**** Data

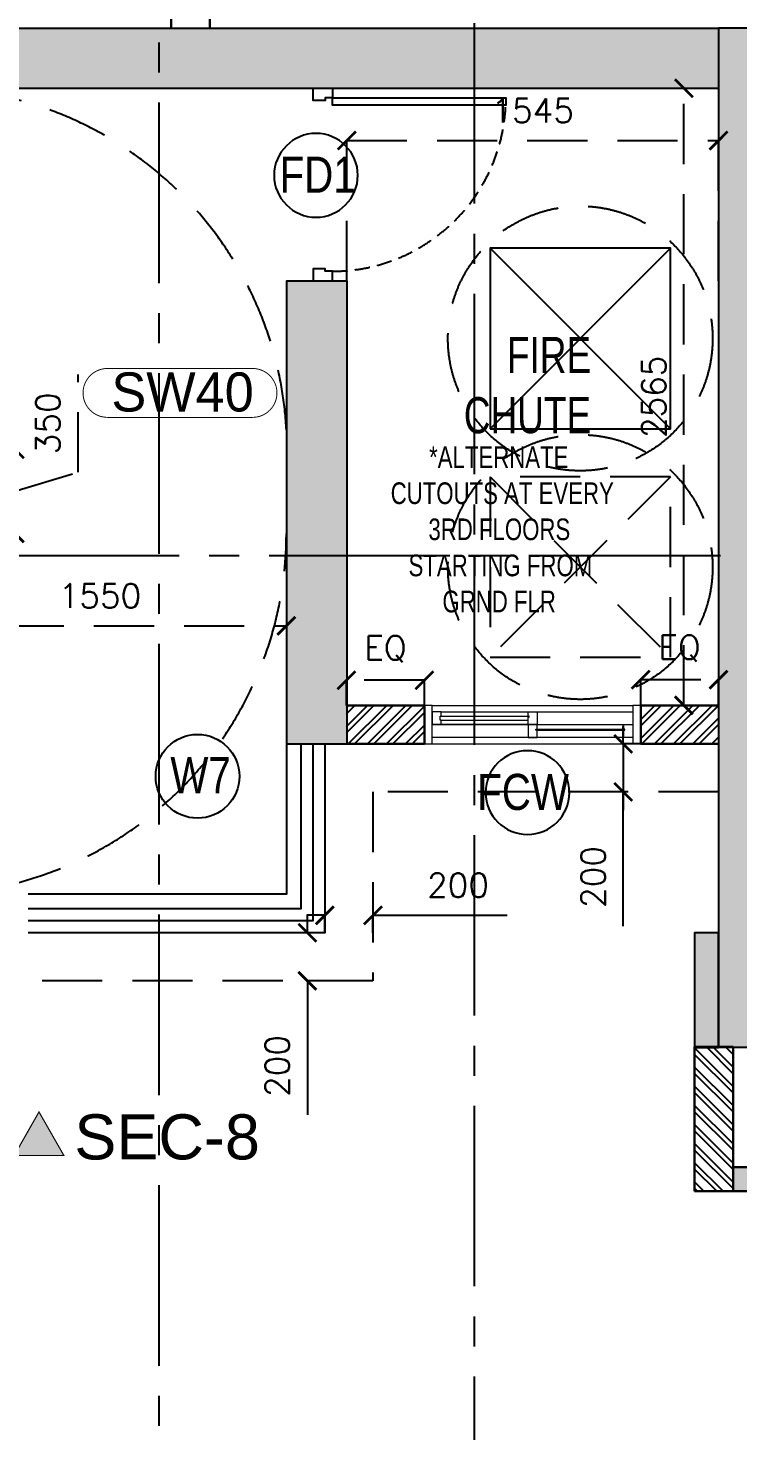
# Model space of a CAD drawing. Header units: millimetres. Extents: x 1181448 to 1317632, y -5734806 to -5633961.
# Drawn here: x 1212742 to 1215693, y -5721205 to -5715374 of the extents above; entities that cross this region are included whole.
import ezdxf
from ezdxf.enums import TextEntityAlignment as Align

# ---------------------------------------------------------------- set-up
doc = ezdxf.new("R2010")
doc.units = ezdxf.units.MM
doc.header["$LTSCALE"] = 1000
doc.header["$MEASUREMENT"] = 0
for name, pattern in [('3BHK-A$1$AUDIT_D_120904163729-0', [0]), ('AUDIT_D_120904163729-0', [0]), ('T8 - TYPICAL FLOOR CORE$0$$0$HIDDEN', [0.375, 0.25, -0.125]), ('T8 - TYPICAL FLOOR CORE$0$T10-TYPICAL FLOOR CORE$0$HIDDEN', [0.375, 0.25, -0.125]), ('T8 - TYPICAL FLOOR CORE$1$HIDDEN', [0.375, 0.25, -0.125]), ('T8(T9 IS SIMILAR) - TYPICAL FLOOR ELEVATION$1$AUDIT_D_120904163729-0', [0]), ('T8(T9 IS SIMILAR) - TYPICAL FLOOR ELEVATION$1$HIDDEN', [0.375, 0.25, -0.125]), ('T8_PROFILE SECTIONS$0$HIDDEN', [0.375, 0.25, -0.125]), ('T8_PROFILE SECTIONS$0$PHANTOM2', [1.25, 0.625, -0.125, 0.125, -0.125, 0.125, -0.125]), ('T8_REFUGE COLUMNS$0$CENTER2', [1.125, 0.75, -0.125, 0.125, -0.125])]:
    doc.linetypes.add(name, pattern=pattern)
doc.layers.get('0').update_dxf_attribs({"linetype": 'AUDIT_D_120904163729-0'})
for name, color, linetype, lineweight in [('3BHK-A$1$$1$A-WALL- 160', 6, 'Continuous', 30), ('T8 - TYPICAL FLOOR CORE$1$a-Text', 4, 'Continuous', 0), ('T8 - TYPICAL FLOOR CORE$1$A-WALL- 160', 6, 'Continuous', 30), ('T8 - TYPICAL FLOOR CORE$1$Window', 4, 'Continuous', 20), ('T8(T9 IS SIMILAR) - REFUGE FLOOR$0$D&W', 8, 'Continuous', 25), ('T8_REFUGE COLUMNS$0$A-COLUMN NO size reduce', 81, 'Continuous', 25)]:
    doc.layers.add(name, color=color, linetype=linetype, lineweight=lineweight)
for name, color, linetype in [('3BHK-A$1$A-HATCH -160', 251, '3BHK-A$1$AUDIT_D_120904163729-0'), ('A_dim', 1, 'Continuous'), ('T8 - TYPICAL FLOOR CORE$0$A-DIMENSIONS', 2, 'T8 - TYPICAL FLOOR CORE$1$HIDDEN'), ('T8 - TYPICAL FLOOR CORE$0$a-window-no', 125, 'Continuous'), ('T8 - TYPICAL FLOOR CORE$0$T10-TYPICAL FLOOR CORE$0$A-SLAB SUNK-AC LEDGES', 251, 'T8 - TYPICAL FLOOR CORE$0$T10-TYPICAL FLOOR CORE$0$HIDDEN'), ('T8 - TYPICAL FLOOR CORE$1$A-DOOR-FULL', 2, 'Continuous'), ('T8 - TYPICAL FLOOR CORE$1$BEAM', 5, 'T8 - TYPICAL FLOOR CORE$1$HIDDEN'), ('T8 - TYPICAL FLOOR CORE$1$HATCH', 8, 'Continuous'), ('T8(T9 IS SIMILAR) - REFUGE FLOOR$1$A_rail', 253, 'Continuous'), ('T8(T9 IS SIMILAR) - TYPICAL FLOOR ELEVATION$0$A-DIM', 1, 'T8(T9 IS SIMILAR) - TYPICAL FLOOR ELEVATION$1$AUDIT_D_120904163729-0'), ('T8(T9 IS SIMILAR) - TYPICAL FLOOR ELEVATION$1$A-WALL-FEATURES', 6, 'T8(T9 IS SIMILAR) - TYPICAL FLOOR ELEVATION$1$AUDIT_D_120904163729-0'), ('T8_PROFILE SECTIONS$0$A-PROFILE SECTIONS', 81, 'T8_PROFILE SECTIONS$0$PHANTOM2'), ('T8_REFUGE COLUMNS$0$A-CENTERLINE', 193, 'T8_REFUGE COLUMNS$0$CENTER2'), ('T8_REFUGE COLUMNS$0$A-SHEAR WALL THICKENING', 3, 'Continuous'), ('T8_REFUGE COLUMNS$1$A-RCC COLS', 3, 'Continuous')]:
    doc.layers.add(name, color=color, linetype=linetype)
doc.layers.add('T8_REFUGE COLUMNS$0$COL-HATCH', color=7, linetype='Continuous', lineweight=25, true_color=0xa3a3a3)
doc.styles.add('T8 - TYPICAL FLOOR CORE$0$LODHA STANDERD', font='sanss___.ttf')
doc.styles.add('T8 - TYPICAL FLOOR CORE$0$Romans 1', font='romans.shx', dxfattribs={"height": 100})
doc.styles.add('T8 - TYPICAL FLOOR CORE$1$ARIAL ARROW', font='swisscl.ttf')
doc.styles.add('T8(T9 IS SIMILAR) - TYPICAL FLOOR ELEVATION$0$Romans 1', font='romans.shx', dxfattribs={"height": 100})
doc.styles.add('T8_PROFILE SECTIONS$0$arial', font='sanss___.ttf')
doc.styles.add('T8_REFUGE COLUMNS$0$STANDARD', font='GOTHIC.TTF')
doc.dimstyles.new('T8 - TYPICAL FLOOR CORE$0$ALPINE S', dxfattribs={"dimscale": 0, "dimtxt": 100, "dimasz": 75, "dimexe": 0, "dimexo": 0, "dimgap": 75, "dimtad": 1, "dimdec": 0, "dimzin": 0, "dimdsep": 46, "dimtxsty": 'T8 - TYPICAL FLOOR CORE$0$Romans 1', "dimblk": 'T8 - TYPICAL FLOOR CORE$0$_ArchTick', "dimcen": 0.09, "dimclrd": 256, "dimclre": 256, "dimclrt": 7, "dimadec": 0, "dimazin": 0, "dimtfac": 1, "dimtdec": 0, "dimtofl": 0, "dimtmove": 1, "dimatfit": 0, "dimldrblk": 'T8 - TYPICAL FLOOR CORE$0$_Open90', "dimfxl": 1, "dimtolj": 1, "dimtzin": 0, "dimarcsym": 0})
doc.dimstyles.new('T8(T9 IS SIMILAR) - TYPICAL FLOOR ELEVATION$0$ALPINE S', dxfattribs={"dimscale": 0, "dimtxt": 100, "dimasz": 75, "dimexe": 0, "dimexo": 0, "dimgap": 75, "dimtad": 1, "dimdec": 0, "dimzin": 0, "dimdsep": 46, "dimtxsty": 'T8(T9 IS SIMILAR) - TYPICAL FLOOR ELEVATION$0$Romans 1', "dimblk": 'T8(T9 IS SIMILAR) - TYPICAL FLOOR ELEVATION$0$_ArchTick', "dimcen": 0.09, "dimclrd": 256, "dimclre": 256, "dimclrt": 7, "dimadec": 0, "dimazin": 0, "dimtfac": 1, "dimtdec": 0, "dimtofl": 0, "dimtmove": 1, "dimatfit": 0, "dimldrblk": 'T8(T9 IS SIMILAR) - TYPICAL FLOOR ELEVATION$0$_Open90', "dimfxl": 1, "dimtolj": 1, "dimtzin": 0, "dimarcsym": 0})

# ---------------------------------------------------------------- blocks, each defined once
blk = doc.blocks.new('*U178')
for points in [[(0, 0), (0, 720.4), (30, 720.4), (30, 0)], [(-40, 0), (0, 0), (0, -30), (10, -30), (10, -80), (-40, -80)], [(760.4, 0), (720.4, 0), (720.4, -30), (710.4, -30), (710.4, -80), (760.4, -80)]]:
    blk.add_lwpolyline(points, close=True)
at = {"color": 0, "linetype": 'ByBlock', "ltscale": 0.25}
blk.add_arc((-1.1, -0.4), 721.5, 0.03474, 87.62699, dxfattribs=at)
blk = doc.blocks.new('T8 - TYPICAL FLOOR CORE$0$WINDOW TAG')
at = {"layer": 'T8 - TYPICAL FLOOR CORE$0$a-window-no'}
blk.add_circle((0, 0), 174.1, dxfattribs=at)
at = {"layer": 'T8 - TYPICAL FLOOR CORE$0$a-window-no', "style": 'T8 - TYPICAL FLOOR CORE$0$LODHA STANDERD'}
blk.add_attdef('WINDOW', text='', height=150, dxfattribs=at).set_placement((11.3, 2.8), align=Align.MIDDLE_CENTER)
blk = doc.blocks.new('T8 - TYPICAL FLOOR CORE$1$1500-flat-1')
at = {"layer": 'T8 - TYPICAL FLOOR CORE$1$Window', "color": 1, "lineweight": 13}
for p, q in [((1149675.6, -5694418.8), (1148842.5, -5694418.8)), ((1149240.3, -5694418.8), (1148880, -5694418.8)), ((1148880, -5694445.5), (1149675.6, -5694445.5)), ((1149307.5, -5694498.8), (1148842.5, -5694498.8)), ((1149240.3, -5694498.8), (1148880, -5694498.8)), ((1149638.1, -5694498.8), (1149277.8, -5694498.8)), ((1149277.8, -5694498.8), (1149675.6, -5694498.8)), ((1149638.1, -5694552.2), (1148842.5, -5694552.2)), ((1149675.6, -5694578.8), (1148842.5, -5694578.8))]:
    blk.add_line(p, q, dxfattribs=at)
at = {"layer": 'T8 - TYPICAL FLOOR CORE$1$Window', "color": 5, "lineweight": 13}
for p, q in [((1149240.3, -5694475.7), (1148880, -5694475.7)), ((1149240.3, -5694480.2), (1148880, -5694480.2)), ((1149638.1, -5694517.4), (1149277.8, -5694517.4)), ((1149638.1, -5694533.6), (1149277.8, -5694533.6))]:
    blk.add_line(p, q, dxfattribs=at)
at = {"layer": 'T8 - TYPICAL FLOOR CORE$1$Window', "color": 4, "lineweight": 13}
for points in [[(1148842.5, -5694418.8), (1148809.5, -5694418.8), (1148809.5, -5694578.8), (1148842.5, -5694578.8)], [(1149708.6, -5694418.8), (1149675.6, -5694418.8), (1149675.6, -5694578.8), (1149708.6, -5694578.8)], [(1148880, -5694480.2), (1148880, -5694498.8), (1148842.5, -5694498.8), (1148842.5, -5694445.5), (1148880, -5694445.5), (1148880, -5694475.7), (1148875.5, -5694475.7), (1148875.5, -5694480.2)], [(1149240.3, -5694480.2), (1149240.3, -5694498.8), (1149277.8, -5694498.8), (1149277.8, -5694445.5), (1149240.3, -5694445.5), (1149240.3, -5694475.7), (1149244.8, -5694475.7), (1149244.8, -5694480.2)], [(1149277.8, -5694533.6), (1149277.8, -5694552.2), (1149240.3, -5694552.2), (1149240.3, -5694498.8), (1149277.8, -5694498.8), (1149277.8, -5694529.1), (1149273.3, -5694529.1), (1149273.3, -5694533.6)], [(1149638.1, -5694533.6), (1149638.1, -5694552.2), (1149675.6, -5694552.2), (1149675.6, -5694498.8), (1149638.1, -5694498.8), (1149638.1, -5694517.4), (1149642.6, -5694517.4), (1149642.6, -5694533.6)]]:
    blk.add_lwpolyline(points, close=True, dxfattribs=at)
blk = doc.blocks.new('T8 - TYPICAL FLOOR CORE$0$_ArchTick')
at = {"color": 0, "linetype": 'ByBlock', "const_width": 0.15}
blk.add_lwpolyline([(-0.5, -0.5), (0.5, 0.5)], dxfattribs=at)
blk = doc.blocks.new('*D244')
at = {"layer": 'T8 - TYPICAL FLOOR CORE$0$A-DIMENSIONS', "linetype": 'T8 - TYPICAL FLOOR CORE$1$HIDDEN', "lineweight": -2, "transparency": 16777216}
for p, q in [((1215450.2, -5715624), (1215468.1, -5715624)), ((1215450.2, -5718188.9), (1215468.1, -5718188.9))]:
    blk.add_line(p, q, dxfattribs=at)
at = {"layer": 'T8 - TYPICAL FLOOR CORE$0$A-DIMENSIONS', "lineweight": -2, "transparency": 16777216}
blk.add_line((1215468.1, -5718188.9), (1215468.1, -5715624), dxfattribs=at)
at = {"layer": 'T8 - TYPICAL FLOOR CORE$0$A-DIMENSIONS', "linetype": 'ByBlock', "lineweight": -2, "transparency": 16777216, "xscale": 75, "yscale": 75, "zscale": 75}
for p, rotation in [((1215468.1, -5715624), 90), ((1215468.1, -5718188.9), 270)]:
    blk.add_blockref('T8 - TYPICAL FLOOR CORE$0$_ArchTick', p, dxfattribs=dict(at, rotation=rotation))
at = {"layer": 'T8 - TYPICAL FLOOR CORE$0$A-DIMENSIONS', "color": 7, "linetype": 'ByBlock', "transparency": 16777216, "insert": (1215343.1, -5716906.5), "char_height": 100, "attachment_point": 5, "rotation": 90, "style": 'T8 - TYPICAL FLOOR CORE$0$Romans 1'}
blk.add_mtext('\\A1;2565', dxfattribs=at)
blk = doc.blocks.new('T8 - TYPICAL FLOOR CORE$0$_Open90')
at = {"color": 0, "linetype": 'ByBlock', "lineweight": -2}
for p, q in [((0, 0), (-1, 0)), ((-0.5, 0.5), (0, 0)), ((0, 0), (-0.5, -0.5))]:
    blk.add_line(p, q, dxfattribs=at)
blk = doc.blocks.new('*D210')
at = {"layer": 'T8 - TYPICAL FLOOR CORE$0$A-DIMENSIONS', "linetype": 'T8 - TYPICAL FLOOR CORE$1$HIDDEN', "lineweight": -2, "transparency": 16777216}
for p, q in [((1212265.9, -5717846.2), (1212265.9, -5717858.5)), ((1213815.7, -5717846.2), (1213815.7, -5717858.5))]:
    blk.add_line(p, q, dxfattribs=at)
at = {"layer": 'T8 - TYPICAL FLOOR CORE$0$A-DIMENSIONS', "lineweight": -2, "transparency": 16777216}
blk.add_line((1212265.9, -5717858.5), (1213815.7, -5717858.5), dxfattribs=at)
at = {"layer": 'T8 - TYPICAL FLOOR CORE$0$A-DIMENSIONS', "linetype": 'ByBlock', "lineweight": -2, "transparency": 16777216, "xscale": 75, "yscale": 75, "zscale": 75, "rotation": 180}
blk.add_blockref('T8 - TYPICAL FLOOR CORE$0$_ArchTick', (1212265.9, -5717858.5), dxfattribs=at)
at = {"layer": 'T8 - TYPICAL FLOOR CORE$0$A-DIMENSIONS', "linetype": 'ByBlock', "lineweight": -2, "transparency": 16777216, "xscale": 75, "yscale": 75, "zscale": 75}
blk.add_blockref('T8 - TYPICAL FLOOR CORE$0$_ArchTick', (1213815.7, -5717858.5), dxfattribs=at)
at = {"layer": 'T8 - TYPICAL FLOOR CORE$0$A-DIMENSIONS', "color": 7, "linetype": 'ByBlock', "transparency": 16777216, "insert": (1213040.8, -5717733.5), "char_height": 100, "attachment_point": 5, "style": 'T8 - TYPICAL FLOOR CORE$0$Romans 1'}
blk.add_mtext('\\A1;1550', dxfattribs=at)
blk = doc.blocks.new('*D188')
at = {"layer": 'T8 - TYPICAL FLOOR CORE$0$A-DIMENSIONS', "linetype": 'T8 - TYPICAL FLOOR CORE$1$HIDDEN', "lineweight": -2, "transparency": 16777216}
for p, q in [((1214067.1, -5716424.9), (1214067.1, -5715841.3)), ((1215612.1, -5716424.9), (1215612.1, -5715841.3))]:
    blk.add_line(p, q, dxfattribs=at)
at = {"layer": 'T8 - TYPICAL FLOOR CORE$0$A-DIMENSIONS', "lineweight": -2, "transparency": 16777216}
blk.add_line((1214067.1, -5715841.3), (1215612.1, -5715841.3), dxfattribs=at)
at = {"layer": 'T8 - TYPICAL FLOOR CORE$0$A-DIMENSIONS', "linetype": 'ByBlock', "lineweight": -2, "transparency": 16777216, "xscale": 75, "yscale": 75, "zscale": 75, "rotation": 180}
blk.add_blockref('T8 - TYPICAL FLOOR CORE$0$_ArchTick', (1214067.1, -5715841.3), dxfattribs=at)
at = {"layer": 'T8 - TYPICAL FLOOR CORE$0$A-DIMENSIONS', "linetype": 'ByBlock', "lineweight": -2, "transparency": 16777216, "xscale": 75, "yscale": 75, "zscale": 75}
blk.add_blockref('T8 - TYPICAL FLOOR CORE$0$_ArchTick', (1215612.1, -5715841.3), dxfattribs=at)
at = {"layer": 'T8 - TYPICAL FLOOR CORE$0$A-DIMENSIONS', "color": 7, "linetype": 'ByBlock', "transparency": 16777216, "insert": (1214839.6, -5715716.3), "char_height": 100, "attachment_point": 5, "style": 'T8 - TYPICAL FLOOR CORE$0$Romans 1'}
blk.add_mtext('\\A1;1545', dxfattribs=at)
blk = doc.blocks.new('*D189')
at = {"layer": 'T8 - TYPICAL FLOOR CORE$0$A-DIMENSIONS', "linetype": 'T8 - TYPICAL FLOOR CORE$1$HIDDEN', "lineweight": -2, "transparency": 16777216}
for p, q in [((1215288.4, -5718188.9), (1215288.4, -5718081.9)), ((1215612, -5718188.9), (1215612, -5718081.9))]:
    blk.add_line(p, q, dxfattribs=at)
at = {"layer": 'T8 - TYPICAL FLOOR CORE$0$A-DIMENSIONS', "lineweight": -2, "transparency": 16777216}
blk.add_line((1215288.4, -5718081.9), (1215612, -5718081.9), dxfattribs=at)
at = {"layer": 'T8 - TYPICAL FLOOR CORE$0$A-DIMENSIONS', "linetype": 'ByBlock', "lineweight": -2, "transparency": 16777216, "xscale": 75, "yscale": 75, "zscale": 75, "rotation": 180}
blk.add_blockref('T8 - TYPICAL FLOOR CORE$0$_ArchTick', (1215288.4, -5718081.9), dxfattribs=at)
at = {"layer": 'T8 - TYPICAL FLOOR CORE$0$A-DIMENSIONS', "linetype": 'ByBlock', "lineweight": -2, "transparency": 16777216, "xscale": 75, "yscale": 75, "zscale": 75}
blk.add_blockref('T8 - TYPICAL FLOOR CORE$0$_ArchTick', (1215612, -5718081.9), dxfattribs=at)
at = {"layer": 'T8 - TYPICAL FLOOR CORE$0$A-DIMENSIONS', "color": 7, "linetype": 'ByBlock', "transparency": 16777216, "insert": (1215450.2, -5717952.1), "char_height": 100, "attachment_point": 5, "style": 'T8 - TYPICAL FLOOR CORE$0$Romans 1'}
blk.add_mtext('\\A1;EQ', dxfattribs=at)
blk = doc.blocks.new('*D190')
at = {"layer": 'T8 - TYPICAL FLOOR CORE$0$A-DIMENSIONS', "linetype": 'T8 - TYPICAL FLOOR CORE$1$HIDDEN', "lineweight": -2, "transparency": 16777216}
for p, q in [((1214065.7, -5718188.9), (1214065.7, -5718084.4)), ((1214389.3, -5718188.9), (1214389.3, -5718084.4))]:
    blk.add_line(p, q, dxfattribs=at)
at = {"layer": 'T8 - TYPICAL FLOOR CORE$0$A-DIMENSIONS', "lineweight": -2, "transparency": 16777216}
blk.add_line((1214389.3, -5718084.4), (1214065.7, -5718084.4), dxfattribs=at)
at = {"layer": 'T8 - TYPICAL FLOOR CORE$0$A-DIMENSIONS', "linetype": 'ByBlock', "lineweight": -2, "transparency": 16777216, "xscale": 75, "yscale": 75, "zscale": 75, "rotation": 180}
blk.add_blockref('T8 - TYPICAL FLOOR CORE$0$_ArchTick', (1214065.7, -5718084.4), dxfattribs=at)
at = {"layer": 'T8 - TYPICAL FLOOR CORE$0$A-DIMENSIONS', "linetype": 'ByBlock', "lineweight": -2, "transparency": 16777216, "xscale": 75, "yscale": 75, "zscale": 75}
blk.add_blockref('T8 - TYPICAL FLOOR CORE$0$_ArchTick', (1214389.3, -5718084.4), dxfattribs=at)
at = {"layer": 'T8 - TYPICAL FLOOR CORE$0$A-DIMENSIONS', "color": 7, "linetype": 'ByBlock', "transparency": 16777216, "insert": (1214227.5, -5717954.6), "char_height": 100, "attachment_point": 5, "style": 'T8 - TYPICAL FLOOR CORE$0$Romans 1'}
blk.add_mtext('\\A1;EQ', dxfattribs=at)
blk = doc.blocks.new('*D204')
at = {"layer": 'T8 - TYPICAL FLOOR CORE$0$A-DIMENSIONS', "lineweight": -2, "transparency": 16777216}
for p, q in [((1212949.7, -5717220.3), (1212949.7, -5716813.2)), ((1212687.2, -5717124.1), (1212687.2, -5717049.1)), ((1212687.2, -5717474), (1212687.2, -5717124.1)), ((1212687.2, -5717299), (1212949.7, -5717220.3)), ((1212687.2, -5717474), (1212687.2, -5717549))]:
    blk.add_line(p, q, dxfattribs=at)
at = {"layer": 'T8 - TYPICAL FLOOR CORE$0$A-DIMENSIONS', "linetype": 'T8 - TYPICAL FLOOR CORE$1$HIDDEN', "lineweight": -2, "transparency": 16777216}
for p, q in [((1212501.6, -5717124.1), (1212687.2, -5717124.1)), ((1212501.6, -5717474), (1212687.2, -5717474))]:
    blk.add_line(p, q, dxfattribs=at)
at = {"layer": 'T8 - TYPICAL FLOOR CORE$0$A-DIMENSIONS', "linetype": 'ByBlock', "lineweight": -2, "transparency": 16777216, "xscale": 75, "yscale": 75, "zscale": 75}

********

** Problem requirements **
For the lines above, output exactly those from the line containing "doc.dimstyles.new('T8 - TYPICAL" through the line containing "blk.add_circle((0, 0), 174.1, dxfattribs=at)", and skip the others.

** Answer to this problem **
doc.dimstyles.new('T8 - TYPICAL FLOOR CORE$0$ALPINE S', dxfattribs={"dimscale": 0, "dimtxt": 100, "dimasz": 75, "dimexe": 0, "dimexo": 0, "dimgap": 75, "dimtad": 1, "dimdec": 0, "dimzin": 0, "dimdsep": 46, "dimtxsty": 'T8 - TYPICAL FLOOR CORE$0$Romans 1', "dimblk": 'T8 - TYPICAL FLOOR CORE$0$_ArchTick', "dimcen": 0.09, "dimclrd": 256, "dimclre": 256, "dimclrt": 7, "dimadec": 0, "dimazin": 0, "dimtfac": 1, "dimtdec": 0, "dimtofl": 0, "dimtmove": 1, "dimatfit": 0, "dimldrblk": 'T8 - TYPICAL FLOOR CORE$0$_Open90', "dimfxl": 1, "dimtolj": 1, "dimtzin": 0, "dimarcsym": 0})
doc.dimstyles.new('T8(T9 IS SIMILAR) - TYPICAL FLOOR ELEVATION$0$ALPINE S', dxfattribs={"dimscale": 0, "dimtxt": 100, "dimasz": 75, "dimexe": 0, "dimexo": 0, "dimgap": 75, "dimtad": 1, "dimdec": 0, "dimzin": 0, "dimdsep": 46, "dimtxsty": 'T8(T9 IS SIMILAR) - TYPICAL FLOOR ELEVATION$0$Romans 1', "dimblk": 'T8(T9 IS SIMILAR) - TYPICAL FLOOR ELEVATION$0$_ArchTick', "dimcen": 0.09, "dimclrd": 256, "dimclre": 256, "dimclrt": 7, "dimadec": 0, "dimazin": 0, "dimtfac": 1, "dimtdec": 0, "dimtofl": 0, "dimtmove": 1, "dimatfit": 0, "dimldrblk": 'T8(T9 IS SIMILAR) - TYPICAL FLOOR ELEVATION$0$_Open90', "dimfxl": 1, "dimtolj": 1, "dimtzin": 0, "dimarcsym": 0})

# ---------------------------------------------------------------- blocks, each defined once
blk = doc.blocks.new('*U178')
for points in [[(0, 0), (0, 720.4), (30, 720.4), (30, 0)], [(-40, 0), (0, 0), (0, -30), (10, -30), (10, -80), (-40, -80)], [(760.4, 0), (720.4, 0), (720.4, -30), (710.4, -30), (710.4, -80), (760.4, -80)]]:
    blk.add_lwpolyline(points, close=True)
at = {"color": 0, "linetype": 'ByBlock', "ltscale": 0.25}
blk.add_arc((-1.1, -0.4), 721.5, 0.03474, 87.62699, dxfattribs=at)
blk = doc.blocks.new('T8 - TYPICAL FLOOR CORE$0$WINDOW TAG')
at = {"layer": 'T8 - TYPICAL FLOOR CORE$0$a-window-no'}
blk.add_circle((0, 0), 174.1, dxfattribs=at)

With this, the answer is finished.